* **PROBLEM**: What you return should be the full listing, copied exactly and stripped of its pictures.

[SOURCE INFORMATION Boundary: Start]

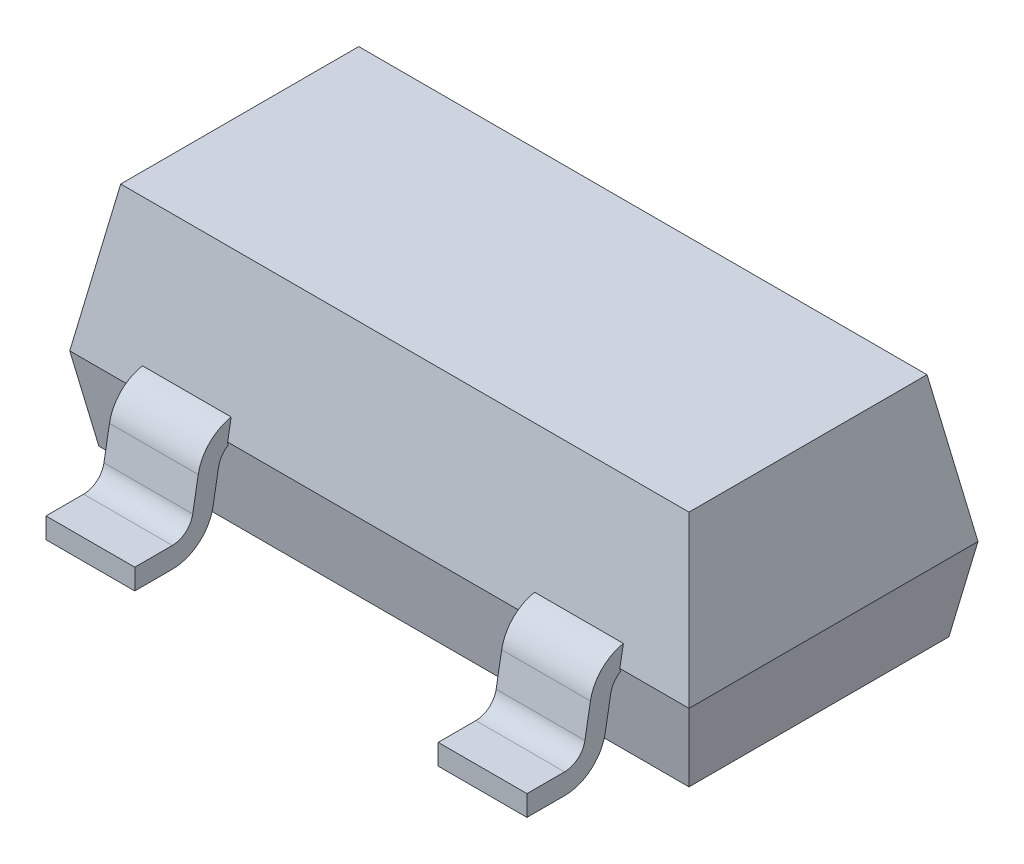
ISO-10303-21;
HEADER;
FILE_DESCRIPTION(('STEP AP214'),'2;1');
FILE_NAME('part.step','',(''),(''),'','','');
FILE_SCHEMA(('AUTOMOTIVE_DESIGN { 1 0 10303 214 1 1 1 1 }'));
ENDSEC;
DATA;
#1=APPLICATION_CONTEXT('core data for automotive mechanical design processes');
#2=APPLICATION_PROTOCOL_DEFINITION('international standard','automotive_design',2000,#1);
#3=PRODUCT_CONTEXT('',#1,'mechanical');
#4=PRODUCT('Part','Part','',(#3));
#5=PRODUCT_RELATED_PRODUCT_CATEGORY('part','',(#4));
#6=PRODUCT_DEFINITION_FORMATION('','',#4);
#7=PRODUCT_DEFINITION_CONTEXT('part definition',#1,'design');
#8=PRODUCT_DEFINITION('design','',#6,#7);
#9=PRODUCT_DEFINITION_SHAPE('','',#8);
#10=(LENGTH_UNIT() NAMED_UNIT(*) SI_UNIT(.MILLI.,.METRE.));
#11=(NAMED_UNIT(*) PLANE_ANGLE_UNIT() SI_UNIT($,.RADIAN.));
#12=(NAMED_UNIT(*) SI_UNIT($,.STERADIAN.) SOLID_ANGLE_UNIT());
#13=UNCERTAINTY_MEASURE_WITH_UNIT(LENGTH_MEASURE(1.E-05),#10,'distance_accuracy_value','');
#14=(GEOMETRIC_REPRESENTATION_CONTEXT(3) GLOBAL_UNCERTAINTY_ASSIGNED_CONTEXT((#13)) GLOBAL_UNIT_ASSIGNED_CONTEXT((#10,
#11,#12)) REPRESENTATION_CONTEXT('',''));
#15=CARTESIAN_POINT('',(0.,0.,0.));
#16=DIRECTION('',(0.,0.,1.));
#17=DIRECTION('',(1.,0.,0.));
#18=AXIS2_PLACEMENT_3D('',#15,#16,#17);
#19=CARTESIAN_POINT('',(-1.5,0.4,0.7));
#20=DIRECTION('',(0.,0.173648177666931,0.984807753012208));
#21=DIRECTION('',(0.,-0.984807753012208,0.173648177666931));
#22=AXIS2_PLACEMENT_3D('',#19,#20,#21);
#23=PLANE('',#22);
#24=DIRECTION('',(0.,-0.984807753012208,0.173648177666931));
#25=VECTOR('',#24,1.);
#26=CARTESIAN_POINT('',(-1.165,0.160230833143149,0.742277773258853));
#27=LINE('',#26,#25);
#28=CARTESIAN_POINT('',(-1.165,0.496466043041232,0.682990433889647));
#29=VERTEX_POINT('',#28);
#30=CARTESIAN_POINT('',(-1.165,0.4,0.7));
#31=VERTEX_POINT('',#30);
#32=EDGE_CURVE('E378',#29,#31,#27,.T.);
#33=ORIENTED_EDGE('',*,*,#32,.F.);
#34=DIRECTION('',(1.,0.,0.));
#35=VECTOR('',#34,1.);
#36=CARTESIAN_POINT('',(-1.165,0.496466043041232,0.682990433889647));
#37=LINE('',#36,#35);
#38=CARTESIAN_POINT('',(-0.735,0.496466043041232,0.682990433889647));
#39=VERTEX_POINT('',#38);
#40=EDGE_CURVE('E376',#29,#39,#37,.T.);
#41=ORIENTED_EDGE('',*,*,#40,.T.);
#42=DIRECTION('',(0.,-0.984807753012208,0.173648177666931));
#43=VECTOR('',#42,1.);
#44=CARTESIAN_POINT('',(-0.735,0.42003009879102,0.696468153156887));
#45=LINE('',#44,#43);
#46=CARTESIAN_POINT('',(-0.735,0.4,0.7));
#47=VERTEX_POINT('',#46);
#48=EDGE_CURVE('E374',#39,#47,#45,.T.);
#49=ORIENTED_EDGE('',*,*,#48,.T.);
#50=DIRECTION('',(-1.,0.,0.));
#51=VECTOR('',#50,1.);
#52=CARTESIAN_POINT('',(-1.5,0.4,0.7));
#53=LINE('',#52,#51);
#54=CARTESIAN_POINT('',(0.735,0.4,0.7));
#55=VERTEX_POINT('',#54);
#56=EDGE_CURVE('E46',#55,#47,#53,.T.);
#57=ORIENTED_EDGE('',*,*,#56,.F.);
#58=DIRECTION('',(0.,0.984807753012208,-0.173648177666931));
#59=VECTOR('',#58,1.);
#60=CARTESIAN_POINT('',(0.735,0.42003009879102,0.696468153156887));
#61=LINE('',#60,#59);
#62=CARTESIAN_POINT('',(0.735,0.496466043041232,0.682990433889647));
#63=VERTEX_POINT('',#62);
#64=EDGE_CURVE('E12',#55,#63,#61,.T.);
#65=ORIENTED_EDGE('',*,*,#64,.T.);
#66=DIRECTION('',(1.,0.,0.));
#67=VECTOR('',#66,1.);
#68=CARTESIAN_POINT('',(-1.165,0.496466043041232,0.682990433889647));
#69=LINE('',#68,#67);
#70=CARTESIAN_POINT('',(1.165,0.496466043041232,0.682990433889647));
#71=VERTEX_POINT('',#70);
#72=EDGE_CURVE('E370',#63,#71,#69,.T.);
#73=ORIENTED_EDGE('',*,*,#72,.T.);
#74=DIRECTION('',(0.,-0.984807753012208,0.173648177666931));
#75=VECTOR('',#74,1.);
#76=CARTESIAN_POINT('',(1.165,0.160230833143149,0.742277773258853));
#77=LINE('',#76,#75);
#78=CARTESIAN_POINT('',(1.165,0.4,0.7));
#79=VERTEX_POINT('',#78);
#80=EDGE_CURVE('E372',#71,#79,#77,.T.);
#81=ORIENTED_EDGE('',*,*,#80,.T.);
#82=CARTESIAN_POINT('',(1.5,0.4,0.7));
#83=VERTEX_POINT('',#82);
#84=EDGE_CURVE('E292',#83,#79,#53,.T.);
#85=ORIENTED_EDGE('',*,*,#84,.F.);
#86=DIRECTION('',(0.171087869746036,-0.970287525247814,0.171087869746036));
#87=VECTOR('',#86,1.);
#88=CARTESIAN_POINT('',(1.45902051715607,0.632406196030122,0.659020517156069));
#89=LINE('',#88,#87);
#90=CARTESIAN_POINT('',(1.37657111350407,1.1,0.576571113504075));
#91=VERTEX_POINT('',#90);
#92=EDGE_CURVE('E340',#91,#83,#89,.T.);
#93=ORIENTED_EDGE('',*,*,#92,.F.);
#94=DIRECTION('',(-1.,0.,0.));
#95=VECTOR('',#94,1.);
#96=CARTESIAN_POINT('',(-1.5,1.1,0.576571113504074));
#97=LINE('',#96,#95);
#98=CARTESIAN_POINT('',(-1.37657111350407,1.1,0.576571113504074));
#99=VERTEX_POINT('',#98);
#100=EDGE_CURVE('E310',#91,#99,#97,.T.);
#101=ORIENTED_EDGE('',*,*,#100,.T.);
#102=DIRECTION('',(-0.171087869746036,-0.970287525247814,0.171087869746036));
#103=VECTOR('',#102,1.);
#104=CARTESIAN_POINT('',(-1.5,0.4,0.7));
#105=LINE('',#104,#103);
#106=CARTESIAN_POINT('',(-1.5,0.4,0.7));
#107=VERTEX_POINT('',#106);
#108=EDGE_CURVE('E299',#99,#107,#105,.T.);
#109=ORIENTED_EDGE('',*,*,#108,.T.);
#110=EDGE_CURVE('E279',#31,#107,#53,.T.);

[SOURCE INFORMATION Boundary: End]

* **REPLY**:
ISO-10303-21;
HEADER;
FILE_DESCRIPTION(('STEP AP214'),'2;1');
FILE_NAME('part.step','',(''),(''),'','','');
FILE_SCHEMA(('AUTOMOTIVE_DESIGN { 1 0 10303 214 1 1 1 1 }'));
ENDSEC;
DATA;
#1=APPLICATION_CONTEXT('core data for automotive mechanical design processes');
#2=APPLICATION_PROTOCOL_DEFINITION('international standard','automotive_design',2000,#1);
#3=PRODUCT_CONTEXT('',#1,'mechanical');
#4=PRODUCT('Part','Part','',(#3));
#5=PRODUCT_RELATED_PRODUCT_CATEGORY('part','',(#4));
#6=PRODUCT_DEFINITION_FORMATION('','',#4);
#7=PRODUCT_DEFINITION_CONTEXT('part definition',#1,'design');
#8=PRODUCT_DEFINITION('design','',#6,#7);
#9=PRODUCT_DEFINITION_SHAPE('','',#8);
#10=(LENGTH_UNIT() NAMED_UNIT(*) SI_UNIT(.MILLI.,.METRE.));
#11=(NAMED_UNIT(*) PLANE_ANGLE_UNIT() SI_UNIT($,.RADIAN.));
#12=(NAMED_UNIT(*) SI_UNIT($,.STERADIAN.) SOLID_ANGLE_UNIT());
#13=UNCERTAINTY_MEASURE_WITH_UNIT(LENGTH_MEASURE(1.E-05),#10,'distance_accuracy_value','');
#14=(GEOMETRIC_REPRESENTATION_CONTEXT(3) GLOBAL_UNCERTAINTY_ASSIGNED_CONTEXT((#13)) GLOBAL_UNIT_ASSIGNED_CONTEXT((#10,
#11,#12)) REPRESENTATION_CONTEXT('',''));
#15=CARTESIAN_POINT('',(0.,0.,0.));
#16=DIRECTION('',(0.,0.,1.));
#17=DIRECTION('',(1.,0.,0.));
#18=AXIS2_PLACEMENT_3D('',#15,#16,#17);
#19=CARTESIAN_POINT('',(-1.5,0.4,0.7));
#20=DIRECTION('',(0.,0.173648177666931,0.984807753012208));
#21=DIRECTION('',(0.,-0.984807753012208,0.173648177666931));
#22=AXIS2_PLACEMENT_3D('',#19,#20,#21);
#23=PLANE('',#22);
#24=DIRECTION('',(0.,-0.984807753012208,0.173648177666931));
#25=VECTOR('',#24,1.);
#26=CARTESIAN_POINT('',(-1.165,0.160230833143149,0.742277773258853));
#27=LINE('',#26,#25);
#28=CARTESIAN_POINT('',(-1.165,0.496466043041232,0.682990433889647));
#29=VERTEX_POINT('',#28);
#30=CARTESIAN_POINT('',(-1.165,0.4,0.7));
#31=VERTEX_POINT('',#30);
#32=EDGE_CURVE('E378',#29,#31,#27,.T.);
#33=ORIENTED_EDGE('',*,*,#32,.F.);
#34=DIRECTION('',(1.,0.,0.));
#35=VECTOR('',#34,1.);
#36=CARTESIAN_POINT('',(-1.165,0.496466043041232,0.682990433889647));
#37=LINE('',#36,#35);
#38=CARTESIAN_POINT('',(-0.735,0.496466043041232,0.682990433889647));
#39=VERTEX_POINT('',#38);
#40=EDGE_CURVE('E376',#29,#39,#37,.T.);
#41=ORIENTED_EDGE('',*,*,#40,.T.);
#42=DIRECTION('',(0.,-0.984807753012208,0.173648177666931));
#43=VECTOR('',#42,1.);
#44=CARTESIAN_POINT('',(-0.735,0.42003009879102,0.696468153156887));
#45=LINE('',#44,#43);
#46=CARTESIAN_POINT('',(-0.735,0.4,0.7));
#47=VERTEX_POINT('',#46);
#48=EDGE_CURVE('E374',#39,#47,#45,.T.);
#49=ORIENTED_EDGE('',*,*,#48,.T.);
#50=DIRECTION('',(-1.,0.,0.));
#51=VECTOR('',#50,1.);
#52=CARTESIAN_POINT('',(-1.5,0.4,0.7));
#53=LINE('',#52,#51);
#54=CARTESIAN_POINT('',(0.735,0.4,0.7));
#55=VERTEX_POINT('',#54);
#56=EDGE_CURVE('E46',#55,#47,#53,.T.);
#57=ORIENTED_EDGE('',*,*,#56,.F.);
#58=DIRECTION('',(0.,0.984807753012208,-0.173648177666931));
#59=VECTOR('',#58,1.);
#60=CARTESIAN_POINT('',(0.735,0.42003009879102,0.696468153156887));
#61=LINE('',#60,#59);
#62=CARTESIAN_POINT('',(0.735,0.496466043041232,0.682990433889647));
#63=VERTEX_POINT('',#62);
#64=EDGE_CURVE('E12',#55,#63,#61,.T.);
#65=ORIENTED_EDGE('',*,*,#64,.T.);
#66=DIRECTION('',(1.,0.,0.));
#67=VECTOR('',#66,1.);
#68=CARTESIAN_POINT('',(-1.165,0.496466043041232,0.682990433889647));
#69=LINE('',#68,#67);
#70=CARTESIAN_POINT('',(1.165,0.496466043041232,0.682990433889647));
#71=VERTEX_POINT('',#70);
#72=EDGE_CURVE('E370',#63,#71,#69,.T.);
#73=ORIENTED_EDGE('',*,*,#72,.T.);
#74=DIRECTION('',(0.,-0.984807753012208,0.173648177666931));
#75=VECTOR('',#74,1.);
#76=CARTESIAN_POINT('',(1.165,0.160230833143149,0.742277773258853));
#77=LINE('',#76,#75);
#78=CARTESIAN_POINT('',(1.165,0.4,0.7));
#79=VERTEX_POINT('',#78);
#80=EDGE_CURVE('E372',#71,#79,#77,.T.);
#81=ORIENTED_EDGE('',*,*,#80,.T.);
#82=CARTESIAN_POINT('',(1.5,0.4,0.7));
#83=VERTEX_POINT('',#82);
#84=EDGE_CURVE('E292',#83,#79,#53,.T.);
#85=ORIENTED_EDGE('',*,*,#84,.F.);
#86=DIRECTION('',(0.171087869746036,-0.970287525247814,0.171087869746036));
#87=VECTOR('',#86,1.);
#88=CARTESIAN_POINT('',(1.45902051715607,0.632406196030122,0.659020517156069));
#89=LINE('',#88,#87);
#90=CARTESIAN_POINT('',(1.37657111350407,1.1,0.576571113504075));
#91=VERTEX_POINT('',#90);
#92=EDGE_CURVE('E340',#91,#83,#89,.T.);
#93=ORIENTED_EDGE('',*,*,#92,.F.);
#94=DIRECTION('',(-1.,0.,0.));
#95=VECTOR('',#94,1.);
#96=CARTESIAN_POINT('',(-1.5,1.1,0.576571113504074));
#97=LINE('',#96,#95);
#98=CARTESIAN_POINT('',(-1.37657111350407,1.1,0.576571113504074));
#99=VERTEX_POINT('',#98);
#100=EDGE_CURVE('E310',#91,#99,#97,.T.);
#101=ORIENTED_EDGE('',*,*,#100,.T.);
#102=DIRECTION('',(-0.171087869746036,-0.970287525247814,0.171087869746036));
#103=VECTOR('',#102,1.);
#104=CARTESIAN_POINT('',(-1.5,0.4,0.7));
#105=LINE('',#104,#103);
#106=CARTESIAN_POINT('',(-1.5,0.4,0.7));
#107=VERTEX_POINT('',#106);
#108=EDGE_CURVE('E299',#99,#107,#105,.T.);
#109=ORIENTED_EDGE('',*,*,#108,.T.);
#110=EDGE_CURVE('E279',#31,#107,#53,.T.);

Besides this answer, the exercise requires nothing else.